*Task item:*
Only one span of the listing below should come back. It runs from the line with "#162=EDGE_CURVE('E303',#60,#131,#161,.T.);" through the line with "#178=AXIS2_PLACEMENT_3D('',#175,#176,#177);", and each of its lines must be reproduced exactly.

____ Records for this exercise

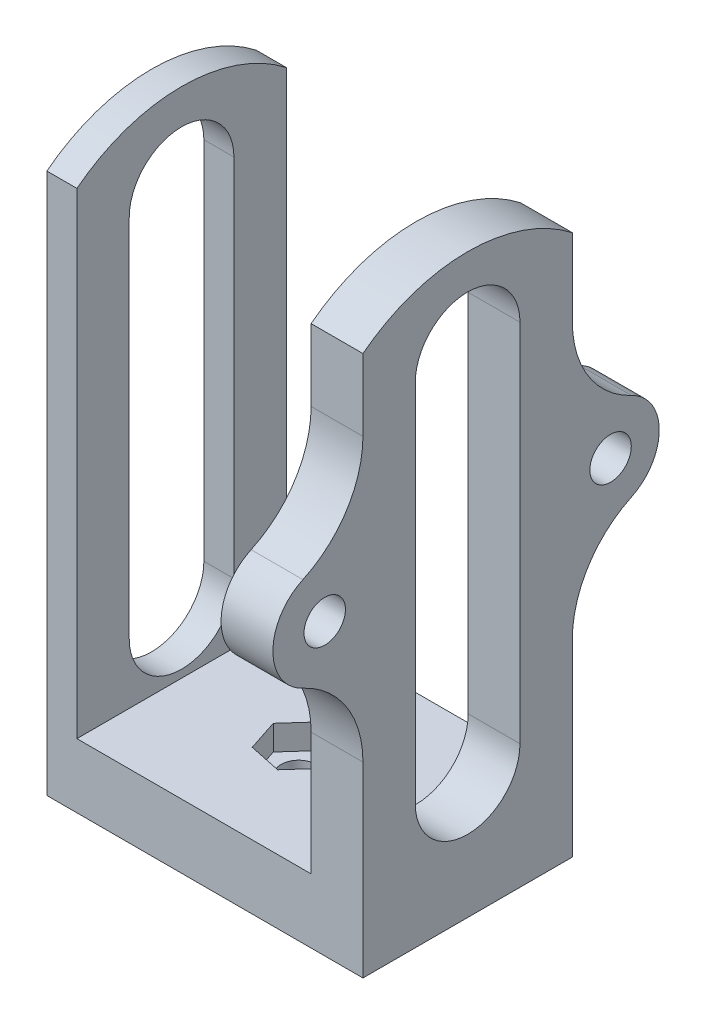
ISO-10303-21;
HEADER;
FILE_DESCRIPTION(('STEP AP214'),'2;1');
FILE_NAME('part.step','',(''),(''),'','','');
FILE_SCHEMA(('AUTOMOTIVE_DESIGN { 1 0 10303 214 1 1 1 1 }'));
ENDSEC;
DATA;
#1=APPLICATION_CONTEXT('core data for automotive mechanical design processes');
#2=APPLICATION_PROTOCOL_DEFINITION('international standard','automotive_design',2000,#1);
#3=PRODUCT_CONTEXT('',#1,'mechanical');
#4=PRODUCT('Part','Part','',(#3));
#5=PRODUCT_RELATED_PRODUCT_CATEGORY('part','',(#4));
#6=PRODUCT_DEFINITION_FORMATION('','',#4);
#7=PRODUCT_DEFINITION_CONTEXT('part definition',#1,'design');
#8=PRODUCT_DEFINITION('design','',#6,#7);
#9=PRODUCT_DEFINITION_SHAPE('','',#8);
#10=(LENGTH_UNIT() NAMED_UNIT(*) SI_UNIT(.MILLI.,.METRE.));
#11=(NAMED_UNIT(*) PLANE_ANGLE_UNIT() SI_UNIT($,.RADIAN.));
#12=(NAMED_UNIT(*) SI_UNIT($,.STERADIAN.) SOLID_ANGLE_UNIT());
#13=UNCERTAINTY_MEASURE_WITH_UNIT(LENGTH_MEASURE(1.E-05),#10,'distance_accuracy_value','');
#14=(GEOMETRIC_REPRESENTATION_CONTEXT(3) GLOBAL_UNCERTAINTY_ASSIGNED_CONTEXT((#13)) GLOBAL_UNIT_ASSIGNED_CONTEXT((#10,
#11,#12)) REPRESENTATION_CONTEXT('',''));
#15=CARTESIAN_POINT('',(0.,0.,0.));
#16=DIRECTION('',(0.,0.,1.));
#17=DIRECTION('',(1.,0.,0.));
#18=AXIS2_PLACEMENT_3D('',#15,#16,#17);
#19=CARTESIAN_POINT('',(11.7,-16.2,-10.1));
#20=DIRECTION('',(0.,1.,0.));
#21=DIRECTION('',(-1.,0.,0.));
#22=AXIS2_PLACEMENT_3D('',#19,#20,#21);
#23=CYLINDRICAL_SURFACE('',#22,1.7);
#24=CARTESIAN_POINT('',(11.7,-1.14491749414469E-13,-10.1));
#25=DIRECTION('',(0.,-1.,0.));
#26=DIRECTION('',(1.,0.,0.));
#27=AXIS2_PLACEMENT_3D('',#24,#25,#26);
#28=CIRCLE('',#27,1.7);
#29=CARTESIAN_POINT('',(13.4,-1.15124282314152E-13,-10.1));
#30=VERTEX_POINT('',#29);
#31=EDGE_CURVE('E290',#30,#30,#28,.T.);
#32=ORIENTED_EDGE('',*,*,#31,.T.);
#33=EDGE_LOOP('',(#32));
#34=FACE_BOUND('',#33,.T.);
#35=CARTESIAN_POINT('',(11.7,3.80000000000002,-10.1));
#36=DIRECTION('',(0.,1.,0.));
#37=DIRECTION('',(-1.,0.,0.));
#38=AXIS2_PLACEMENT_3D('',#35,#36,#37);
#39=CIRCLE('',#38,1.7);
#40=CARTESIAN_POINT('',(9.99999999999999,3.80000000000002,-10.1));
#41=VERTEX_POINT('',#40);
#42=EDGE_CURVE('E41',#41,#41,#39,.F.);
#43=ORIENTED_EDGE('',*,*,#42,.F.);
#44=EDGE_LOOP('',(#43));
#45=FACE_BOUND('',#44,.T.);
#46=ADVANCED_FACE('F37',(#34,#45),#23,.F.);
#47=CARTESIAN_POINT('',(0.,12.,-10.1));
#48=DIRECTION('',(1.,0.,0.));
#49=DIRECTION('',(0.,0.,-1.));
#50=AXIS2_PLACEMENT_3D('',#47,#48,#49);
#51=CYLINDRICAL_SURFACE('',#50,5.05);
#52=CARTESIAN_POINT('',(0.399999999999996,12.,-10.1));
#53=DIRECTION('',(1.,0.,0.));
#54=DIRECTION('',(0.,0.,-1.));
#55=AXIS2_PLACEMENT_3D('',#52,#53,#54);
#56=CIRCLE('',#55,5.05);
#57=CARTESIAN_POINT('',(0.399999999999994,12.,-15.15));
#58=VERTEX_POINT('',#57);
#59=CARTESIAN_POINT('',(0.399999999999996,12.,-5.05));
#60=VERTEX_POINT('',#59);
#61=EDGE_CURVE('E62',#58,#60,#56,.F.);
#62=ORIENTED_EDGE('',*,*,#61,.F.);
#63=DIRECTION('',(1.,0.,0.));
#64=VECTOR('',#63,1.);
#65=CARTESIAN_POINT('',(0.,12.,-15.15));
#66=LINE('',#65,#64);
#67=CARTESIAN_POINT('',(-2.50000000000001,12.,-15.15));
#68=VERTEX_POINT('',#67);
#69=EDGE_CURVE('E480',#68,#58,#66,.T.);
#70=ORIENTED_EDGE('',*,*,#69,.F.);
#71=CARTESIAN_POINT('',(-2.5,12.,-10.1));
#72=DIRECTION('',(-1.,0.,0.));
#73=DIRECTION('',(0.,0.,1.));
#74=AXIS2_PLACEMENT_3D('',#71,#72,#73);
#75=CIRCLE('',#74,5.05);
#76=CARTESIAN_POINT('',(-2.5,12.,-5.05));
#77=VERTEX_POINT('',#76);
#78=EDGE_CURVE('E316',#68,#77,#75,.T.);
#79=ORIENTED_EDGE('',*,*,#78,.T.);
#80=DIRECTION('',(1.,0.,0.));
#81=VECTOR('',#80,1.);
#82=CARTESIAN_POINT('',(0.,12.,-5.05));
#83=LINE('',#82,#81);
#84=EDGE_CURVE('E483',#77,#60,#83,.T.);
#85=ORIENTED_EDGE('',*,*,#84,.T.);
#86=EDGE_LOOP('',(#62,#70,#79,#85));
#87=FACE_BOUND('',#86,.T.);
#88=ADVANCED_FACE('F546',(#87),#51,.F.);
#89=CARTESIAN_POINT('',(0.,47.2223420938085,-15.15));
#90=DIRECTION('',(0.,0.,-1.));
#91=DIRECTION('',(0.,1.,0.));
#92=AXIS2_PLACEMENT_3D('',#89,#90,#91);
#93=PLANE('',#92);
#94=DIRECTION('',(0.,-1.,0.));
#95=VECTOR('',#94,1.);
#96=CARTESIAN_POINT('',(0.39999999999999,47.2223420938085,-15.15));
#97=LINE('',#96,#95);
#98=CARTESIAN_POINT('',(0.39999999999999,47.2223420938085,-15.15));
#99=VERTEX_POINT('',#98);
#100=EDGE_CURVE('E307',#99,#58,#97,.T.);
#101=ORIENTED_EDGE('',*,*,#100,.F.);
#102=DIRECTION('',(1.,0.,0.));
#103=VECTOR('',#102,1.);
#104=CARTESIAN_POINT('',(0.,47.2223420938085,-15.15));
#105=LINE('',#104,#103);
#106=CARTESIAN_POINT('',(-2.50000000000001,47.2223420938085,-15.15));
#107=VERTEX_POINT('',#106);
#108=EDGE_CURVE('E476',#107,#99,#105,.T.);
#109=ORIENTED_EDGE('',*,*,#108,.F.);
#110=DIRECTION('',(0.,-1.,0.));
#111=VECTOR('',#110,1.);
#112=CARTESIAN_POINT('',(-2.50000000000001,47.2223420938085,-15.15));
#113=LINE('',#112,#111);
#114=EDGE_CURVE('E313',#107,#68,#113,.T.);
#115=ORIENTED_EDGE('',*,*,#114,.T.);
#116=ORIENTED_EDGE('',*,*,#69,.T.);
#117=EDGE_LOOP('',(#101,#109,#115,#116));
#118=FACE_BOUND('',#117,.T.);
#119=ADVANCED_FACE('F553',(#118),#93,.F.);
#120=CARTESIAN_POINT('',(0.,47.2223420938085,-10.1));
#121=DIRECTION('',(1.,0.,0.));
#122=DIRECTION('',(0.,0.,-1.));
#123=AXIS2_PLACEMENT_3D('',#120,#121,#122);
#124=CYLINDRICAL_SURFACE('',#123,5.04999999999999);
#125=CARTESIAN_POINT('',(0.399999999999992,47.2223420938085,-10.1));
#126=DIRECTION('',(1.,0.,0.));
#127=DIRECTION('',(0.,0.,-1.));
#128=AXIS2_PLACEMENT_3D('',#125,#126,#127);
#129=CIRCLE('',#128,5.04999999999999);
#130=CARTESIAN_POINT('',(0.399999999999994,47.2223420938085,-5.05000000000004));
#131=VERTEX_POINT('',#130);
#132=EDGE_CURVE('E305',#131,#99,#129,.F.);
#133=ORIENTED_EDGE('',*,*,#132,.F.);
#134=DIRECTION('',(1.,0.,0.));
#135=VECTOR('',#134,1.);
#136=CARTESIAN_POINT('',(0.,47.2223420938085,-5.05000000000004));
#137=LINE('',#136,#135);
#138=CARTESIAN_POINT('',(-2.50000000000001,47.2223420938085,-5.05000000000004));
#139=VERTEX_POINT('',#138);
#140=EDGE_CURVE('E388',#139,#131,#137,.T.);
#141=ORIENTED_EDGE('',*,*,#140,.F.);
#142=CARTESIAN_POINT('',(-2.50000000000001,47.2223420938085,-10.1));
#143=DIRECTION('',(-1.,0.,0.));
#144=DIRECTION('',(0.,0.,1.));
#145=AXIS2_PLACEMENT_3D('',#142,#143,#144);
#146=CIRCLE('',#145,5.04999999999999);
#147=EDGE_CURVE('E310',#139,#107,#146,.T.);
#148=ORIENTED_EDGE('',*,*,#147,.T.);
#149=ORIENTED_EDGE('',*,*,#108,.T.);
#150=EDGE_LOOP('',(#133,#141,#148,#149));
#151=FACE_BOUND('',#150,.T.);
#152=ADVANCED_FACE('F778',(#151),#124,.F.);
#153=CARTESIAN_POINT('',(0.,12.,-5.05));
#154=DIRECTION('',(0.,0.,1.));
#155=DIRECTION('',(0.,-1.,0.));
#156=AXIS2_PLACEMENT_3D('',#153,#154,#155);
#157=PLANE('',#156);
#158=DIRECTION('',(0.,1.,0.));
#159=VECTOR('',#158,1.);
#160=CARTESIAN_POINT('',(0.399999999999998,12.,-5.05));
#161=LINE('',#160,#159);
#162=EDGE_CURVE('E303',#60,#131,#161,.T.);
#163=ORIENTED_EDGE('',*,*,#162,.F.);
#164=ORIENTED_EDGE('',*,*,#84,.F.);
#165=DIRECTION('',(0.,1.,0.));
#166=VECTOR('',#165,1.);
#167=CARTESIAN_POINT('',(-2.50000000000001,47.2223420938085,-5.05000000000004));
#168=LINE('',#167,#166);
#169=EDGE_CURVE('E319',#77,#139,#168,.T.);
#170=ORIENTED_EDGE('',*,*,#169,.T.);
#171=ORIENTED_EDGE('',*,*,#140,.T.);
#172=EDGE_LOOP('',(#163,#164,#170,#171));
#173=FACE_BOUND('',#172,.T.);
#174=ADVANCED_FACE('F789',(#173),#157,.F.);
#175=CARTESIAN_POINT('',(0.,39.1850926484793,-10.1));
#176=DIRECTION('',(1.,0.,0.));
#177=DIRECTION('',(0.,0.,-1.));
#178=AXIS2_PLACEMENT_3D('',#175,#176,#177);
#179=CYLINDRICAL_SURFACE('',#178,16.4580679801224);
#180=DIRECTION('',(1.,0.,0.));
#181=VECTOR('',#180,1.);
#182=CARTESIAN_POINT('',(0.,52.1796300253284,0.));
#183=LINE('',#182,#181);
#184=CARTESIAN_POINT('',(-2.50000000000001,52.1796300253284,0.));
#185=VERTEX_POINT('',#184);
#186=CARTESIAN_POINT('',(0.399999999999995,52.1796300253284,0.));
#187=VERTEX_POINT('',#186);
#188=EDGE_CURVE('E473',#185,#187,#183,.T.);
#189=ORIENTED_EDGE('',*,*,#188,.T.);
#190=CARTESIAN_POINT('',(0.399999999999993,39.1850926484793,-10.1));
#191=DIRECTION('',(1.,0.,0.));
#192=DIRECTION('',(0.,0.,-1.));
#193=AXIS2_PLACEMENT_3D('',#190,#191,#192);
#194=CIRCLE('',#193,16.4580679801224);
#195=CARTESIAN_POINT('',(0.399999999999988,52.1796300253284,-20.2));
#196=VERTEX_POINT('',#195);
#197=EDGE_CURVE('E301',#196,#187,#194,.T.);
#198=ORIENTED_EDGE('',*,*,#197,.F.);
#199=DIRECTION('',(1.,0.,0.));
#200=VECTOR('',#199,1.);
#201=CARTESIAN_POINT('',(0.,52.1796300253284,-20.2));
#202=LINE('',#201,#200);
#203=CARTESIAN_POINT('',(-2.50000000000001,52.1796300253284,-20.2));
#204=VERTEX_POINT('',#203);
#205=EDGE_CURVE('E479',#204,#196,#202,.T.);
#206=ORIENTED_EDGE('',*,*,#205,.F.);
#207=CARTESIAN_POINT('',(-2.50000000000001,39.1850926484793,-10.1));
#208=DIRECTION('',(-1.,0.,0.));
#209=DIRECTION('',(0.,0.,1.));
#210=AXIS2_PLACEMENT_3D('',#207,#208,#209);
#211=CIRCLE('',#210,16.4580679801224);
#212=EDGE_CURVE('E331',#185,#204,#211,.T.);
#213=ORIENTED_EDGE('',*,*,#212,.F.);
#214=EDGE_LOOP('',(#189,#198,#206,#213));
#215=FACE_BOUND('',#214,.T.);
#216=ADVANCED_FACE('F39',(#215),#179,.T.);
#217=CARTESIAN_POINT('',(23.,18.041981199993,0.));
#218=DIRECTION('',(0.,0.,1.));
#219=DIRECTION('',(0.,-1.,0.));
#220=AXIS2_PLACEMENT_3D('',#217,#218,#219);
#221=PLANE('',#220);
#222=DIRECTION('',(1.,0.,0.));
#223=VECTOR('',#222,1.);
#224=CARTESIAN_POINT('',(2.8,6.2,0.));
#225=LINE('',#224,#223);
#226=CARTESIAN_POINT('',(0.4,6.2,0.));
#227=VERTEX_POINT('',#226);
#228=CARTESIAN_POINT('',(23.,6.2,0.));
#229=VERTEX_POINT('',#228);
#230=EDGE_CURVE('E393',#227,#229,#225,.T.);
#231=ORIENTED_EDGE('',*,*,#230,.F.);
#232=DIRECTION('',(0.,-1.,0.));
#233=VECTOR('',#232,1.);
#234=CARTESIAN_POINT('',(0.399999999999995,52.1796300253284,0.));
#235=LINE('',#234,#233);
#236=EDGE_CURVE('E293',#187,#227,#235,.T.);
#237=ORIENTED_EDGE('',*,*,#236,.F.);
#238=ORIENTED_EDGE('',*,*,#188,.F.);
#239=DIRECTION('',(0.,1.,0.));
#240=VECTOR('',#239,1.);
#241=CARTESIAN_POINT('',(-2.5,0.,0.));
#242=LINE('',#241,#240);
#243=CARTESIAN_POINT('',(-2.5,0.,0.));
#244=VERTEX_POINT('',#243);
#245=EDGE_CURVE('E328',#244,#185,#242,.T.);
#246=ORIENTED_EDGE('',*,*,#245,.F.);
#247=DIRECTION('',(1.,0.,0.));
#248=VECTOR('',#247,1.);
#249=CARTESIAN_POINT('',(23.,-1.16110653565093E-13,0.));
#250=LINE('',#249,#248);
#251=CARTESIAN_POINT('',(28.,-1.17971044446513E-13,0.));
#252=VERTEX_POINT('',#251);
#253=EDGE_CURVE('E448',#244,#252,#250,.T.);
#254=ORIENTED_EDGE('',*,*,#253,.T.);
#255=DIRECTION('',(0.,-1.,0.));
#256=VECTOR('',#255,1.);
#257=CARTESIAN_POINT('',(28.,18.041981199993,0.));
#258=LINE('',#257,#256);
#259=CARTESIAN_POINT('',(28.,18.041981199993,0.));
#260=VERTEX_POINT('',#259);
#261=EDGE_CURVE('E355',#260,#252,#258,.T.);
#262=ORIENTED_EDGE('',*,*,#261,.F.);
#263=DIRECTION('',(1.,0.,0.));
#264=VECTOR('',#263,1.);
#265=CARTESIAN_POINT('',(23.,18.041981199993,0.));
#266=LINE('',#265,#264);
#267=CARTESIAN_POINT('',(23.,18.041981199993,0.));
#268=VERTEX_POINT('',#267);
#269=EDGE_CURVE('E46',#268,#260,#266,.T.);
#270=ORIENTED_EDGE('',*,*,#269,.F.);
#271=DIRECTION('',(0.,-1.,0.));
#272=VECTOR('',#271,1.);
#273=CARTESIAN_POINT('',(23.,18.041981199993,0.));
#274=LINE('',#273,#272);
#275=EDGE_CURVE('E411',#268,#229,#274,.T.);
#276=ORIENTED_EDGE('',*,*,#275,.T.);
#277=EDGE_LOOP('',(#231,#237,#238,#246,#254,#262,#270,#276));
#278=FACE_BOUND('',#277,.T.);
#279=ADVANCED_FACE('F504',(#278),#221,.T.);
#280=CARTESIAN_POINT('',(23.,18.041981199993,10.));
#281=DIRECTION('',(1.,0.,0.));
#282=DIRECTION('',(0.,0.,-1.));
#283=AXIS2_PLACEMENT_3D('',#280,#281,#282);
#284=CYLINDRICAL_SURFACE('',#283,10.);
#285=ORIENTED_EDGE('',*,*,#269,.T.);
#286=CARTESIAN_POINT('',(28.,18.041981199993,10.));
#287=DIRECTION('',(-1.,0.,0.));
#288=DIRECTION('',(0.,0.,-1.));
#289=AXIS2_PLACEMENT_3D('',#286,#287,#288);
#290=CIRCLE('',#289,10.);
#291=CARTESIAN_POINT('',(28.,27.1141339519894,5.79333333333336));
#292=VERTEX_POINT('',#291);
#293=EDGE_CURVE('E352',#292,#260,#290,.T.);
#294=ORIENTED_EDGE('',*,*,#293,.F.);
#295=DIRECTION('',(1.,0.,0.));
#296=VECTOR('',#295,1.);
#297=CARTESIAN_POINT('',(23.,27.1141339519894,5.79333333333335));
#298=LINE('',#297,#296);
#299=CARTESIAN_POINT('',(23.,27.1141339519894,5.79333333333335));
#300=VERTEX_POINT('',#299);
#301=EDGE_CURVE('E450',#300,#292,#298,.T.);
#302=ORIENTED_EDGE('',*,*,#301,.F.);
#303=CARTESIAN_POINT('',(23.,18.041981199993,10.));
#304=DIRECTION('',(-1.,0.,0.));
#305=DIRECTION('',(0.,0.,-1.));
#306=AXIS2_PLACEMENT_3D('',#303,#304,#305);
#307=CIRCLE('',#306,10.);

________

*Result:*
#162=EDGE_CURVE('E303',#60,#131,#161,.T.);
#163=ORIENTED_EDGE('',*,*,#162,.F.);
#164=ORIENTED_EDGE('',*,*,#84,.F.);
#165=DIRECTION('',(0.,1.,0.));
#166=VECTOR('',#165,1.);
#167=CARTESIAN_POINT('',(-2.50000000000001,47.2223420938085,-5.05000000000004));
#168=LINE('',#167,#166);
#169=EDGE_CURVE('E319',#77,#139,#168,.T.);
#170=ORIENTED_EDGE('',*,*,#169,.T.);
#171=ORIENTED_EDGE('',*,*,#140,.T.);
#172=EDGE_LOOP('',(#163,#164,#170,#171));
#173=FACE_BOUND('',#172,.T.);
#174=ADVANCED_FACE('F789',(#173),#157,.F.);
#175=CARTESIAN_POINT('',(0.,39.1850926484793,-10.1));
#176=DIRECTION('',(1.,0.,0.));
#177=DIRECTION('',(0.,0.,-1.));
#178=AXIS2_PLACEMENT_3D('',#175,#176,#177);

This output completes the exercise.